PAYNE, GATES, FARTHING AND RADD, P.C.
Attorneys and Counsellors at Law
Dominion Tower, Fifteenth Floor
999 Waterside Drive
Norfolk, Virginia 23510
Telephone: (757) 640-1500
Fax: (757) 627-6583
E-Mail: rhogge@paynegates.com
www.PayneGates.com
www.VirginiaLaborLaw.com
May
1998
Preface
This outline
describes, in a summary fashion, certain provisions of
Fair Labor Standards Act.
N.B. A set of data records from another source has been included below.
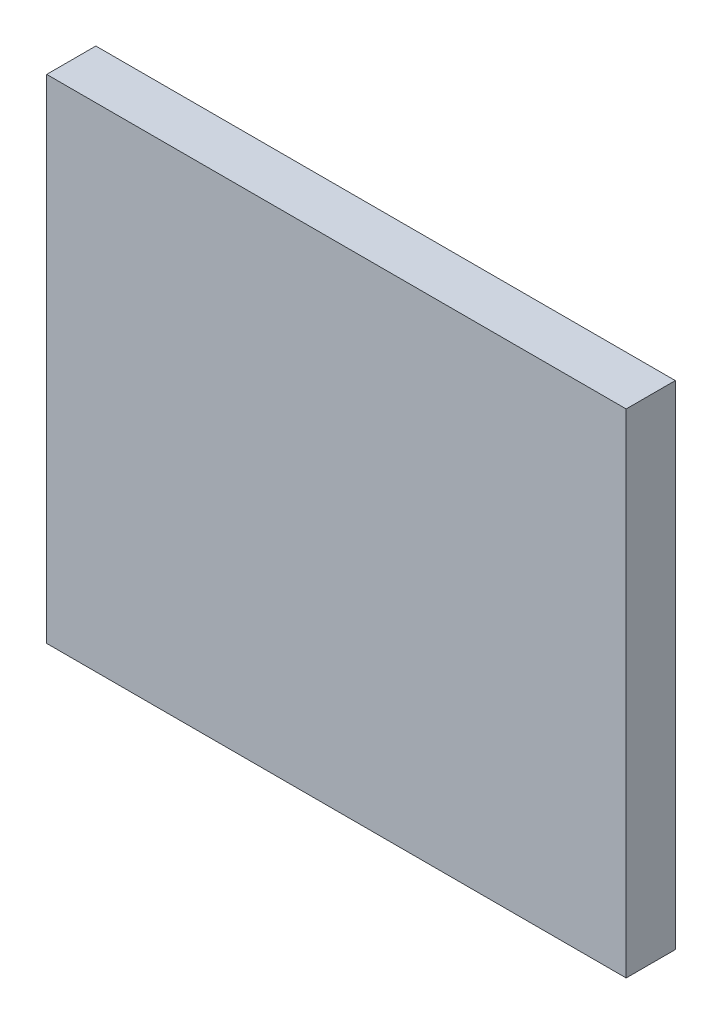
ISO-10303-21;
HEADER;
FILE_DESCRIPTION(('STEP AP214'),'2;1');
FILE_NAME('part.step','',(''),(''),'','','');
FILE_SCHEMA(('AUTOMOTIVE_DESIGN { 1 0 10303 214 1 1 1 1 }'));
ENDSEC;
DATA;
#1=APPLICATION_CONTEXT('core data for automotive mechanical design processes');
#2=APPLICATION_PROTOCOL_DEFINITION('international standard','automotive_design',2000,#1);
#3=PRODUCT_CONTEXT('',#1,'mechanical');
#4=PRODUCT('Part','Part','',(#3));
#5=PRODUCT_RELATED_PRODUCT_CATEGORY('part','',(#4));
#6=PRODUCT_DEFINITION_FORMATION('','',#4);
#7=PRODUCT_DEFINITION_CONTEXT('part definition',#1,'design');
#8=PRODUCT_DEFINITION('design','',#6,#7);
#9=PRODUCT_DEFINITION_SHAPE('','',#8);
#10=(LENGTH_UNIT() NAMED_UNIT(*) SI_UNIT(.MILLI.,.METRE.));
#11=(NAMED_UNIT(*) PLANE_ANGLE_UNIT() SI_UNIT($,.RADIAN.));
#12=(NAMED_UNIT(*) SI_UNIT($,.STERADIAN.) SOLID_ANGLE_UNIT());
#13=UNCERTAINTY_MEASURE_WITH_UNIT(LENGTH_MEASURE(1.E-05),#10,'distance_accuracy_value','');
#14=(GEOMETRIC_REPRESENTATION_CONTEXT(3) GLOBAL_UNCERTAINTY_ASSIGNED_CONTEXT((#13)) GLOBAL_UNIT_ASSIGNED_CONTEXT((#10,
#11,#12)) REPRESENTATION_CONTEXT('',''));
#15=CARTESIAN_POINT('',(0.,0.,0.));
#16=DIRECTION('',(0.,0.,1.));
#17=DIRECTION('',(1.,0.,0.));
#18=AXIS2_PLACEMENT_3D('',#15,#16,#17);
#19=CARTESIAN_POINT('',(5.59999896,4.7625,0.95));
#20=DIRECTION('',(0.,0.,1.));
#21=DIRECTION('',(1.,0.,0.));
#22=AXIS2_PLACEMENT_3D('',#19,#20,#21);
#23=PLANE('',#22);
#24=DIRECTION('',(1.,0.,0.));
#25=VECTOR('',#24,1.);
#26=CARTESIAN_POINT('',(5.59999896,-4.7625,0.95));
#27=LINE('',#26,#25);
#28=CARTESIAN_POINT('',(5.59999896,-4.7625,0.95));
#29=VERTEX_POINT('',#28);
#30=CARTESIAN_POINT('',(-5.59999896,-4.7625,0.95));
#31=VERTEX_POINT('',#30);
#32=EDGE_CURVE('E53',#29,#31,#27,.F.);
#33=ORIENTED_EDGE('',*,*,#32,.F.);
#34=DIRECTION('',(0.,1.,0.));
#35=VECTOR('',#34,1.);
#36=CARTESIAN_POINT('',(5.59999896,4.7625,0.95));
#37=LINE('',#36,#35);
#38=CARTESIAN_POINT('',(5.59999896,4.7625,0.95));
#39=VERTEX_POINT('',#38);
#40=EDGE_CURVE('E68',#39,#29,#37,.F.);
#41=ORIENTED_EDGE('',*,*,#40,.F.);
#42=DIRECTION('',(1.,0.,0.));
#43=VECTOR('',#42,1.);
#44=CARTESIAN_POINT('',(-5.59999896,4.7625,0.95));
#45=LINE('',#44,#43);
#46=CARTESIAN_POINT('',(-5.59999896,4.7625,0.95));
#47=VERTEX_POINT('',#46);
#48=EDGE_CURVE('E20',#47,#39,#45,.T.);
#49=ORIENTED_EDGE('',*,*,#48,.F.);
#50=DIRECTION('',(0.,1.,0.));
#51=VECTOR('',#50,1.);
#52=CARTESIAN_POINT('',(-5.59999896,-4.7625,0.95));
#53=LINE('',#52,#51);
#54=EDGE_CURVE('E58',#31,#47,#53,.T.);
#55=ORIENTED_EDGE('',*,*,#54,.F.);
#56=EDGE_LOOP('',(#33,#41,#49,#55));
#57=FACE_BOUND('',#56,.T.);
#58=ADVANCED_FACE('F17',(#57),#23,.T.);
#59=CARTESIAN_POINT('',(-5.59999896,4.7625,0.));
#60=DIRECTION('',(0.,1.,0.));
#61=DIRECTION('',(0.,0.,1.));
#62=AXIS2_PLACEMENT_3D('',#59,#60,#61);
#63=PLANE('',#62);
#64=DIRECTION('',(0.,0.,-1.));
#65=VECTOR('',#64,1.);
#66=CARTESIAN_POINT('',(5.59999896,4.7625,0.));
#67=LINE('',#66,#65);
#68=CARTESIAN_POINT('',(5.59999896,4.7625,0.));
#69=VERTEX_POINT('',#68);
#70=EDGE_CURVE('E79',#69,#39,#67,.F.);
#71=ORIENTED_EDGE('',*,*,#70,.F.);
#72=DIRECTION('',(1.,0.,0.));
#73=VECTOR('',#72,1.);
#74=CARTESIAN_POINT('',(5.59999896,4.7625,0.));
#75=LINE('',#74,#73);
#76=CARTESIAN_POINT('',(-5.59999896,4.7625,0.));
#77=VERTEX_POINT('',#76);
#78=EDGE_CURVE('E74',#69,#77,#75,.F.);
#79=ORIENTED_EDGE('',*,*,#78,.T.);
#80=DIRECTION('',(0.,0.,1.));
#81=VECTOR('',#80,1.);
#82=CARTESIAN_POINT('',(-5.59999896,4.7625,0.));
#83=LINE('',#82,#81);
#84=EDGE_CURVE('E63',#47,#77,#83,.F.);
#85=ORIENTED_EDGE('',*,*,#84,.F.);
#86=ORIENTED_EDGE('',*,*,#48,.T.);
#87=EDGE_LOOP('',(#71,#79,#85,#86));
#88=FACE_BOUND('',#87,.T.);
#89=ADVANCED_FACE('F73',(#88),#63,.T.);
#90=CARTESIAN_POINT('',(-5.59999896,-4.7625,0.));
#91=DIRECTION('',(-1.,0.,0.));
#92=DIRECTION('',(0.,0.,1.));
#93=AXIS2_PLACEMENT_3D('',#90,#91,#92);
#94=PLANE('',#93);
#95=ORIENTED_EDGE('',*,*,#84,.T.);
#96=DIRECTION('',(0.,1.,0.));
#97=VECTOR('',#96,1.);
#98=CARTESIAN_POINT('',(-5.59999896,4.7625,0.));
#99=LINE('',#98,#97);
#100=CARTESIAN_POINT('',(-5.59999896,-4.7625,0.));
#101=VERTEX_POINT('',#100);
#102=EDGE_CURVE('E84',#77,#101,#99,.F.);
#103=ORIENTED_EDGE('',*,*,#102,.T.);
#104=DIRECTION('',(0.,0.,-1.));
#105=VECTOR('',#104,1.);
#106=CARTESIAN_POINT('',(-5.59999896,-4.7625,0.));
#107=LINE('',#106,#105);
#108=EDGE_CURVE('E65',#31,#101,#107,.T.);
#109=ORIENTED_EDGE('',*,*,#108,.F.);
#110=ORIENTED_EDGE('',*,*,#54,.T.);
#111=EDGE_LOOP('',(#95,#103,#109,#110));
#112=FACE_BOUND('',#111,.T.);
#113=ADVANCED_FACE('F60',(#112),#94,.T.);
#114=CARTESIAN_POINT('',(5.59999896,-4.7625,0.));
#115=DIRECTION('',(0.,-1.,0.));
#116=DIRECTION('',(0.,0.,-1.));
#117=AXIS2_PLACEMENT_3D('',#114,#115,#116);
#118=PLANE('',#117);
#119=ORIENTED_EDGE('',*,*,#108,.T.);
#120=DIRECTION('',(1.,0.,0.));
#121=VECTOR('',#120,1.);
#122=CARTESIAN_POINT('',(5.59999896,-4.7625,0.));
#123=LINE('',#122,#121);
#124=CARTESIAN_POINT('',(5.59999896,-4.7625,0.));
#125=VERTEX_POINT('',#124);
#126=EDGE_CURVE('E26',#101,#125,#123,.T.);
#127=ORIENTED_EDGE('',*,*,#126,.T.);
#128=DIRECTION('',(0.,0.,-1.));
#129=VECTOR('',#128,1.);
#130=CARTESIAN_POINT('',(5.59999896,-4.7625,0.));
#131=LINE('',#130,#129);
#132=EDGE_CURVE('E34',#29,#125,#131,.T.);
#133=ORIENTED_EDGE('',*,*,#132,.F.);
#134=ORIENTED_EDGE('',*,*,#32,.T.);
#135=EDGE_LOOP('',(#119,#127,#133,#134));
#136=FACE_BOUND('',#135,.T.);
#137=ADVANCED_FACE('F88',(#136),#118,.T.);
#138=CARTESIAN_POINT('',(5.59999896,4.7625,0.));
#139=DIRECTION('',(1.,0.,0.));
#140=DIRECTION('',(0.,0.,-1.));
#141=AXIS2_PLACEMENT_3D('',#138,#139,#140);
#142=PLANE('',#141);
#143=ORIENTED_EDGE('',*,*,#132,.T.);
#144=DIRECTION('',(0.,1.,0.));
#145=VECTOR('',#144,1.);
#146=CARTESIAN_POINT('',(5.59999896,4.7625,0.));
#147=LINE('',#146,#145);
#148=EDGE_CURVE('E11',#125,#69,#147,.T.);
#149=ORIENTED_EDGE('',*,*,#148,.T.);
#150=ORIENTED_EDGE('',*,*,#70,.T.);
#151=ORIENTED_EDGE('',*,*,#40,.T.);
#152=EDGE_LOOP('',(#143,#149,#150,#151));
#153=FACE_BOUND('',#152,.T.);
#154=ADVANCED_FACE('F91',(#153),#142,.T.);
#155=CARTESIAN_POINT('',(5.59999896,4.7625,0.));
#156=DIRECTION('',(0.,0.,1.));
#157=DIRECTION('',(1.,0.,0.));
#158=AXIS2_PLACEMENT_3D('',#155,#156,#157);
#159=PLANE('',#158);
#160=ORIENTED_EDGE('',*,*,#126,.F.);
#161=ORIENTED_EDGE('',*,*,#102,.F.);
#162=ORIENTED_EDGE('',*,*,#78,.F.);
#163=ORIENTED_EDGE('',*,*,#148,.F.);
#164=EDGE_LOOP('',(#160,#161,#162,#163));
#165=FACE_BOUND('',#164,.T.);
#166=ADVANCED_FACE('F90',(#165),#159,.F.);
#167=CLOSED_SHELL('',(#58,#89,#113,#137,#154,#166));
#168=MANIFOLD_SOLID_BREP('B1',#167);
#169=ADVANCED_BREP_SHAPE_REPRESENTATION('',(#18,#168),#14);
#170=SHAPE_DEFINITION_REPRESENTATION(#9,#169);
ENDSEC;
END-ISO-10303-21;

It
is provided solely for the information
Applicable
Statutory Provisions
Section 13(b)(1)
of the Fair Labor Standards Act provides an exemption from the maximum hours and
overtime requirements of FLSA Section 7. In general, the exemption is applicable
to any employee with respect to whom the Secretary of Transportation has power
to establish qualifications and maximum hours of service pursuant to the
provisions of Section 204 of the Motor Carrier Act of 1935.
29 C.F.R. § 782.1.
Applicability
of the Motor Carrier Exemption in General
The "Motor Carrier
Exemption" is applicable, under decisions of the U.S. Supreme Court, only
to an employee who is a driver, driver's helper, loader, or mechanic, and whose
work directly affects the safety of operation of motor vehicles on the public
highways in transportation in interstate or foreign commerce within the meaning
of the Motor Carrier Act. 29 C.F.R. § 782.2; Pyramid Motor Freight Corp.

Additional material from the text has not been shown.